About this task:
Some entries follow. Reproduce exactly the lines starting at the one with "#267=CARTESIAN_POINT('',(0.,30.,-46.1386433485789));" and stopping after the one with "#272=ORIENTED_EDGE('',*,*,#271,.F.);".

Source data:
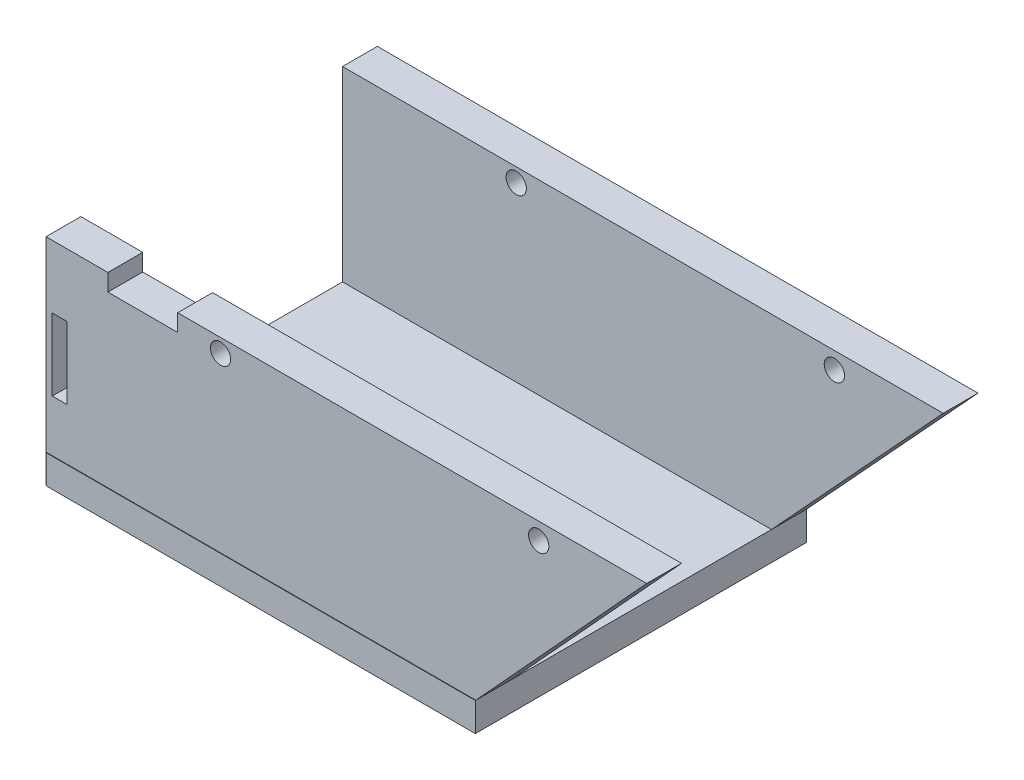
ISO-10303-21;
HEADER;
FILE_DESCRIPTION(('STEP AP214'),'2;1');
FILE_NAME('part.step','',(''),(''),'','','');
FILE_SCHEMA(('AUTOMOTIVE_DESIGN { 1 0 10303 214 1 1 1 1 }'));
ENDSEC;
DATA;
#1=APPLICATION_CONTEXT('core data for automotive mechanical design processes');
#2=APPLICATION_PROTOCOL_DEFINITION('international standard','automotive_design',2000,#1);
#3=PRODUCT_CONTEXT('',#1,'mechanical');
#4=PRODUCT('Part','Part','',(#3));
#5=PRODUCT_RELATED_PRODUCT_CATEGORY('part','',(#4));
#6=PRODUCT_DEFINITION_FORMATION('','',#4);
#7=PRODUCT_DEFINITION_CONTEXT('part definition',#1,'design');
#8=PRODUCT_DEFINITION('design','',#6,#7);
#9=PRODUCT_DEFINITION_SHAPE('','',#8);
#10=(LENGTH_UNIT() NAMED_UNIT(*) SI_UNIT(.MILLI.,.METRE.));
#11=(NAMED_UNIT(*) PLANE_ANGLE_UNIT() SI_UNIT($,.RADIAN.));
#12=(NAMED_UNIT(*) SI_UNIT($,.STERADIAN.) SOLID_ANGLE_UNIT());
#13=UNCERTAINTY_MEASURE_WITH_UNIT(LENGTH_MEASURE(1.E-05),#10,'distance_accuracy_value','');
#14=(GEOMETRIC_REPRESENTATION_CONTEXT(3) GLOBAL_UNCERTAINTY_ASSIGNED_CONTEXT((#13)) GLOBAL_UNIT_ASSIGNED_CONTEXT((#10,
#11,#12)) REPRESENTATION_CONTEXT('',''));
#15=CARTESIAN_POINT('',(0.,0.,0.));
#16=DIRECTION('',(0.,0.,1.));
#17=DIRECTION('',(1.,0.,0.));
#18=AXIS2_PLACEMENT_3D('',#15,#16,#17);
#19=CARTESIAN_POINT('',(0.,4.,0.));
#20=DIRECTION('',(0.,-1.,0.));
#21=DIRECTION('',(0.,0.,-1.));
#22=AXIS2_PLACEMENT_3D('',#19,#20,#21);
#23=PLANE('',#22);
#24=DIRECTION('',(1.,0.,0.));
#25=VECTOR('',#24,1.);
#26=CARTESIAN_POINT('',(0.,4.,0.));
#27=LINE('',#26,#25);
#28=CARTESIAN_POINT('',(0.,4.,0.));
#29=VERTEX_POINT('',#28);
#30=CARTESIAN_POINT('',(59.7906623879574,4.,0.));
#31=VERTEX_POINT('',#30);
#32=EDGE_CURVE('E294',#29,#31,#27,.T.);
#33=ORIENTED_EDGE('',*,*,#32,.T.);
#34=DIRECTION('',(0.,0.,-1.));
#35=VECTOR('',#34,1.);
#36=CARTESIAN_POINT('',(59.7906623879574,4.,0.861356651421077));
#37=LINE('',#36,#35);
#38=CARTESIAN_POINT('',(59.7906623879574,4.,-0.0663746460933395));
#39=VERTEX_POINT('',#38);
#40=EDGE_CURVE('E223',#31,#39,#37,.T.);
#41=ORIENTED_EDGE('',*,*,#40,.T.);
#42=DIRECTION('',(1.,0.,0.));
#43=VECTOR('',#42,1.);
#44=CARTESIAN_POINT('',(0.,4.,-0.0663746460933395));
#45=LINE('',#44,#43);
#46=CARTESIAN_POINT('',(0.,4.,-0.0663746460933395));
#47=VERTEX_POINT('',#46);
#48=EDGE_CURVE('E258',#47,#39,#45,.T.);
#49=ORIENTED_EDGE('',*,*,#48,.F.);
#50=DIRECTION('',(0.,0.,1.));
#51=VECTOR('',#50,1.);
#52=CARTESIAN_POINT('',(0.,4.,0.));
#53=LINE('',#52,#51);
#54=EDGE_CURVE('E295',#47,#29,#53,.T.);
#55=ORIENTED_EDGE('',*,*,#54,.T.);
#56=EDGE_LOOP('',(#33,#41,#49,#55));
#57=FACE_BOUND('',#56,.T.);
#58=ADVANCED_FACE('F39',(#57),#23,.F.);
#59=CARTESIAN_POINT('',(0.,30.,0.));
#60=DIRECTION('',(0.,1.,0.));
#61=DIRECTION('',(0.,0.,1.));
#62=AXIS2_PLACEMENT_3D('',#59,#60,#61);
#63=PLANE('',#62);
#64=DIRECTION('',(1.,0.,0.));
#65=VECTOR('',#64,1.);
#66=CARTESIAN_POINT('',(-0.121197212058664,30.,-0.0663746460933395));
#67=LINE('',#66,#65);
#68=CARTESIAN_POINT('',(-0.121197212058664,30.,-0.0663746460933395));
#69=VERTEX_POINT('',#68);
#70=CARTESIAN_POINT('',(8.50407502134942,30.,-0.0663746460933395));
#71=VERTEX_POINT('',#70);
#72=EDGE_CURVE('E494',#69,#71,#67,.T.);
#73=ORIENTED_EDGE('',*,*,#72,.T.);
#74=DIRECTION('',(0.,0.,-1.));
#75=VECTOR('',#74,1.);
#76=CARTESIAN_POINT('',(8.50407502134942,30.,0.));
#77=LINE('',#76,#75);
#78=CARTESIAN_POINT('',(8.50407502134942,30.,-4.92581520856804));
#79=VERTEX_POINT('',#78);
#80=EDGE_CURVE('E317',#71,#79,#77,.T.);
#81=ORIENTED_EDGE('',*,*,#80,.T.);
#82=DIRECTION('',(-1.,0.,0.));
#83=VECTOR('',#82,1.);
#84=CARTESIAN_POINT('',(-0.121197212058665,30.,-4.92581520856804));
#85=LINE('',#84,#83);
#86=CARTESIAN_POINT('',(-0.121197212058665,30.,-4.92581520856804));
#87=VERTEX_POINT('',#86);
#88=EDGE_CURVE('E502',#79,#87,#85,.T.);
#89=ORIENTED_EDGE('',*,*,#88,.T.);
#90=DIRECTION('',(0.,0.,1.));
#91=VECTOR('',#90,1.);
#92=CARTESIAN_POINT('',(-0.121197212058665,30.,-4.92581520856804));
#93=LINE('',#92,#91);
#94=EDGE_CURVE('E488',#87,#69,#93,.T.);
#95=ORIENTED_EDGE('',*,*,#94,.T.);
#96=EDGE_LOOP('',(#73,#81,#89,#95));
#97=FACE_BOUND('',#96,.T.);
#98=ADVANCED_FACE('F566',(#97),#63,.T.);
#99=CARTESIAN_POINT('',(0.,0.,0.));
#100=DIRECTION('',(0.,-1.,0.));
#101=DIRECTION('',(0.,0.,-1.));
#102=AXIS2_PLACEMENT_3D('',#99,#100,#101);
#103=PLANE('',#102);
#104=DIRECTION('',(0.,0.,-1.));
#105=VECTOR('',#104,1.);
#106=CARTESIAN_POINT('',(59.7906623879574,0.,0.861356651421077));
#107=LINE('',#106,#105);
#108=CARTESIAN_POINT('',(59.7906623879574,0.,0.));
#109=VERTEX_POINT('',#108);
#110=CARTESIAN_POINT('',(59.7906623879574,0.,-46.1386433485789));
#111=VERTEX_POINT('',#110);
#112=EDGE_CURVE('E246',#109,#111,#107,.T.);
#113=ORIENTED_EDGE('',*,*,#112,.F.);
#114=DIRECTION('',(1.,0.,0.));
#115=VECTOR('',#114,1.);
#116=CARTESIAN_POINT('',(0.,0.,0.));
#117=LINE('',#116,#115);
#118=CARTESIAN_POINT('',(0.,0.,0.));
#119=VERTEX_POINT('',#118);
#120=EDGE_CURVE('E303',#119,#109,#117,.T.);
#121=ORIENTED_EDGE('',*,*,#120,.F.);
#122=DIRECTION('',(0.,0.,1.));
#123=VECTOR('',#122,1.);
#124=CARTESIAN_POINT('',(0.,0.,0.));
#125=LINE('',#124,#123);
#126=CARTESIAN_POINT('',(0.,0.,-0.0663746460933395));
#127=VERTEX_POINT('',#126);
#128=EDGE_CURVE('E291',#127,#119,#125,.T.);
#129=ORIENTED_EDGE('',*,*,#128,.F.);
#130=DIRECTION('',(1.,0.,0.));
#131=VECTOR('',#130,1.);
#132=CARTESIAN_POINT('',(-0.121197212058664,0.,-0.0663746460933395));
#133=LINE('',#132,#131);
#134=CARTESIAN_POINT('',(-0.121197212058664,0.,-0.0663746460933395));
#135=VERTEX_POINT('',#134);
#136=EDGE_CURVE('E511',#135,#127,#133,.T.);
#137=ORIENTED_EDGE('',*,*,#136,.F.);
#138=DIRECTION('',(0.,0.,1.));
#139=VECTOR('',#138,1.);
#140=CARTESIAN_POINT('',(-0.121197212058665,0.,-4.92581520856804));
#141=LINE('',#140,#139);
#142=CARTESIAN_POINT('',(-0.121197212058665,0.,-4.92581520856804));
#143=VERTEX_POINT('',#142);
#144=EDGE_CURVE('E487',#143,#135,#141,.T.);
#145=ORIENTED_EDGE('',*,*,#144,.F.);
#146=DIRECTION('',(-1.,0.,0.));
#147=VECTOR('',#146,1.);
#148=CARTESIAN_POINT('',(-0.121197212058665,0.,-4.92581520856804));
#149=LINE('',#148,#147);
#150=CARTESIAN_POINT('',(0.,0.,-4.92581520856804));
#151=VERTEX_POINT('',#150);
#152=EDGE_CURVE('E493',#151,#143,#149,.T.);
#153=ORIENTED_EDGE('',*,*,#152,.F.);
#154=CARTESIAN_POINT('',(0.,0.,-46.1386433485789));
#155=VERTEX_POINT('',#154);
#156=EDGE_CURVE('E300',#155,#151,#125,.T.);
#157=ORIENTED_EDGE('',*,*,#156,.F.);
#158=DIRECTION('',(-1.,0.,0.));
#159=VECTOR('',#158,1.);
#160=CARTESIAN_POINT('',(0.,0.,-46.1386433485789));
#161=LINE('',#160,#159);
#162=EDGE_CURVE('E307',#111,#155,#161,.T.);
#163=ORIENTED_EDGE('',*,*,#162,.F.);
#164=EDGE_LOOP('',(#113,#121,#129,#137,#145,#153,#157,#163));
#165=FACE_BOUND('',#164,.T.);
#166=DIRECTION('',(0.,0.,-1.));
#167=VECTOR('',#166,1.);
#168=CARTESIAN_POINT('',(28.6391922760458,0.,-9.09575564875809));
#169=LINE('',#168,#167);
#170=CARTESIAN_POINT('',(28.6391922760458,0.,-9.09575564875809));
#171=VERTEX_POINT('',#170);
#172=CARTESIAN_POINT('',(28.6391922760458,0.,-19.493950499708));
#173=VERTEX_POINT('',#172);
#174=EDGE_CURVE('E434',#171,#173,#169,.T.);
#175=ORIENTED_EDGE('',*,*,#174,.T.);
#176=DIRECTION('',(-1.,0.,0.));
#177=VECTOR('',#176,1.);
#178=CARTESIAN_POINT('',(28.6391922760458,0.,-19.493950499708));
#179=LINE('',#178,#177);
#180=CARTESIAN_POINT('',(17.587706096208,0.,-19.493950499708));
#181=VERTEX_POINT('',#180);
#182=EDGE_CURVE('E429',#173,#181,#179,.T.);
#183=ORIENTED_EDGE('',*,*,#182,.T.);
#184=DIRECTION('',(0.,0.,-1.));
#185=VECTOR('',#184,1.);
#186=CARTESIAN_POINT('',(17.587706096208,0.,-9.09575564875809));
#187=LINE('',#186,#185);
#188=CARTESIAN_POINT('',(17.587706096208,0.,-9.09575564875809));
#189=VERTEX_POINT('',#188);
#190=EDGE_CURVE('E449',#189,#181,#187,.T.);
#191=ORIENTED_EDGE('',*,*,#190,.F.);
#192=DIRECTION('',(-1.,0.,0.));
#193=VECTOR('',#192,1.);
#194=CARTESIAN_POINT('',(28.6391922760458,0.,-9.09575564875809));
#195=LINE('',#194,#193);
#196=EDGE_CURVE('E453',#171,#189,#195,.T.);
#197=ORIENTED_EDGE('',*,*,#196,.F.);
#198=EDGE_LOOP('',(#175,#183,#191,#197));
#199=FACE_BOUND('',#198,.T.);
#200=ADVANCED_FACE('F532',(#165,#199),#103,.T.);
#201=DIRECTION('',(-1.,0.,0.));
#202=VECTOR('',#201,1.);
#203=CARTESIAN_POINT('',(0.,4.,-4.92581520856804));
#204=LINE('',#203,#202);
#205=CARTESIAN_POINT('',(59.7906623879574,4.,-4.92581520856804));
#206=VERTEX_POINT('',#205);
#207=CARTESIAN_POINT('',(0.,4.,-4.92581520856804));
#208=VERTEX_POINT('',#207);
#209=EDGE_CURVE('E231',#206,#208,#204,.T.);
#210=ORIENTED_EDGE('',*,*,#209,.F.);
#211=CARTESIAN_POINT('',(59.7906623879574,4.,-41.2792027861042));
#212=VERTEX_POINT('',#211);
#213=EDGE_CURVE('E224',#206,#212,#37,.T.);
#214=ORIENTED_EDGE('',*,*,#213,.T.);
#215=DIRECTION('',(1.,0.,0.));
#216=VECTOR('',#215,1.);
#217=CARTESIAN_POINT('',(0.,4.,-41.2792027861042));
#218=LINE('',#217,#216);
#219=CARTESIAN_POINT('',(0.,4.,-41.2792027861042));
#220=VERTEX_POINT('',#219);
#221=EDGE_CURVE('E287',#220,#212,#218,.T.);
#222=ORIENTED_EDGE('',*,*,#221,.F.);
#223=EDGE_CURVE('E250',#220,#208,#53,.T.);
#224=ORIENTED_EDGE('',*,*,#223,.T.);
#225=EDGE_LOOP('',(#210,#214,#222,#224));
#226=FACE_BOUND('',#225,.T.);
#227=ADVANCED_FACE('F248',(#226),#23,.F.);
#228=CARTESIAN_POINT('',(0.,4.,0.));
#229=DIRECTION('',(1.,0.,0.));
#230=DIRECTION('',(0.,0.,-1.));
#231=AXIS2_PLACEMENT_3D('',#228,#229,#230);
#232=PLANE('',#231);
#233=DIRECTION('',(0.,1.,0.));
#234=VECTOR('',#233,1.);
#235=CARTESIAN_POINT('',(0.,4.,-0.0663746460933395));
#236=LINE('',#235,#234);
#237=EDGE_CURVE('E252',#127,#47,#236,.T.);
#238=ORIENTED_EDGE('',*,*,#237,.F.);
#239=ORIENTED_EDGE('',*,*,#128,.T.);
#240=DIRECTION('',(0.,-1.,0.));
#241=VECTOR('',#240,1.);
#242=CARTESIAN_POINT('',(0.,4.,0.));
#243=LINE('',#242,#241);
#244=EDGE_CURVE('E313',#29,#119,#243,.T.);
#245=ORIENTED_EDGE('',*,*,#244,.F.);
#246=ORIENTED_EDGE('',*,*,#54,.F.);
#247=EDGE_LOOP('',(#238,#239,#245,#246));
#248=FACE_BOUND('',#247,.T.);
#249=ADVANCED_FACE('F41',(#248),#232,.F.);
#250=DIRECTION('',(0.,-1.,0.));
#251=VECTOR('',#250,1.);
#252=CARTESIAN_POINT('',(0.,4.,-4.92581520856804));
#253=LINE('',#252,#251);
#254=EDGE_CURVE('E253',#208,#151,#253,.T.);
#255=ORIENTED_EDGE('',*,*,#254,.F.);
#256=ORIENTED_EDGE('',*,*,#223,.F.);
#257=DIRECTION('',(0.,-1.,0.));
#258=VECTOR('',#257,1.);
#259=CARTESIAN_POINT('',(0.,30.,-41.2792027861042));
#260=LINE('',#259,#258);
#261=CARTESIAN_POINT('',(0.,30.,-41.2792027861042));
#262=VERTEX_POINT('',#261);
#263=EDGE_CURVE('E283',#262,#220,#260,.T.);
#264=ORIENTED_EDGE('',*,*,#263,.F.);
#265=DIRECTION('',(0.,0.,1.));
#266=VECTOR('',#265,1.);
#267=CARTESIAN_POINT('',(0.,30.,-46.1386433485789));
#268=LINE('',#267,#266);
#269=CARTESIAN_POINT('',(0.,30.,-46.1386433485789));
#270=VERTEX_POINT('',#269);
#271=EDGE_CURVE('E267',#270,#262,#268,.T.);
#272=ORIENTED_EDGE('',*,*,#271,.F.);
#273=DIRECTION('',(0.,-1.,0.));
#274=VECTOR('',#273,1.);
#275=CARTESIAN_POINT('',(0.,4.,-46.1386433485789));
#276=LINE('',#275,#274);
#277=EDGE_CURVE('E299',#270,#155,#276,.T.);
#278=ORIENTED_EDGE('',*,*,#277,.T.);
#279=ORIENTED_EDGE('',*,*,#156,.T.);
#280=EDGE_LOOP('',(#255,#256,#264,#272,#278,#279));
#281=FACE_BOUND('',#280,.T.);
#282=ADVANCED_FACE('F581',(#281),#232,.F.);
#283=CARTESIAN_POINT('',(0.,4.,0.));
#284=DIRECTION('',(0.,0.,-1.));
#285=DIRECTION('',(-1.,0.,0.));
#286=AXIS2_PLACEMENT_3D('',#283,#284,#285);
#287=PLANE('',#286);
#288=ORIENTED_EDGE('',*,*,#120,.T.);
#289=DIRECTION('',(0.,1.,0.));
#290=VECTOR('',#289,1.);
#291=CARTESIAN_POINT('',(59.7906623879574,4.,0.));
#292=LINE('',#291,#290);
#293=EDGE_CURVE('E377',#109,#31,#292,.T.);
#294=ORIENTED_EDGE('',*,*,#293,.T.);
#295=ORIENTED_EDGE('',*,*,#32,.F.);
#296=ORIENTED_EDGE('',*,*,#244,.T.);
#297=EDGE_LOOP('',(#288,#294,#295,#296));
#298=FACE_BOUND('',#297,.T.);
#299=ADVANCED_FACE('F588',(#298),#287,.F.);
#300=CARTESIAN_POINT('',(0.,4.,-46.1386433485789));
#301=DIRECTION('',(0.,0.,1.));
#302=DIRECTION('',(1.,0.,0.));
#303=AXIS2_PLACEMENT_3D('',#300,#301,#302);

Final answer:
#267=CARTESIAN_POINT('',(0.,30.,-46.1386433485789));
#268=LINE('',#267,#266);
#269=CARTESIAN_POINT('',(0.,30.,-46.1386433485789));
#270=VERTEX_POINT('',#269);
#271=EDGE_CURVE('E267',#270,#262,#268,.T.);
#272=ORIENTED_EDGE('',*,*,#271,.F.);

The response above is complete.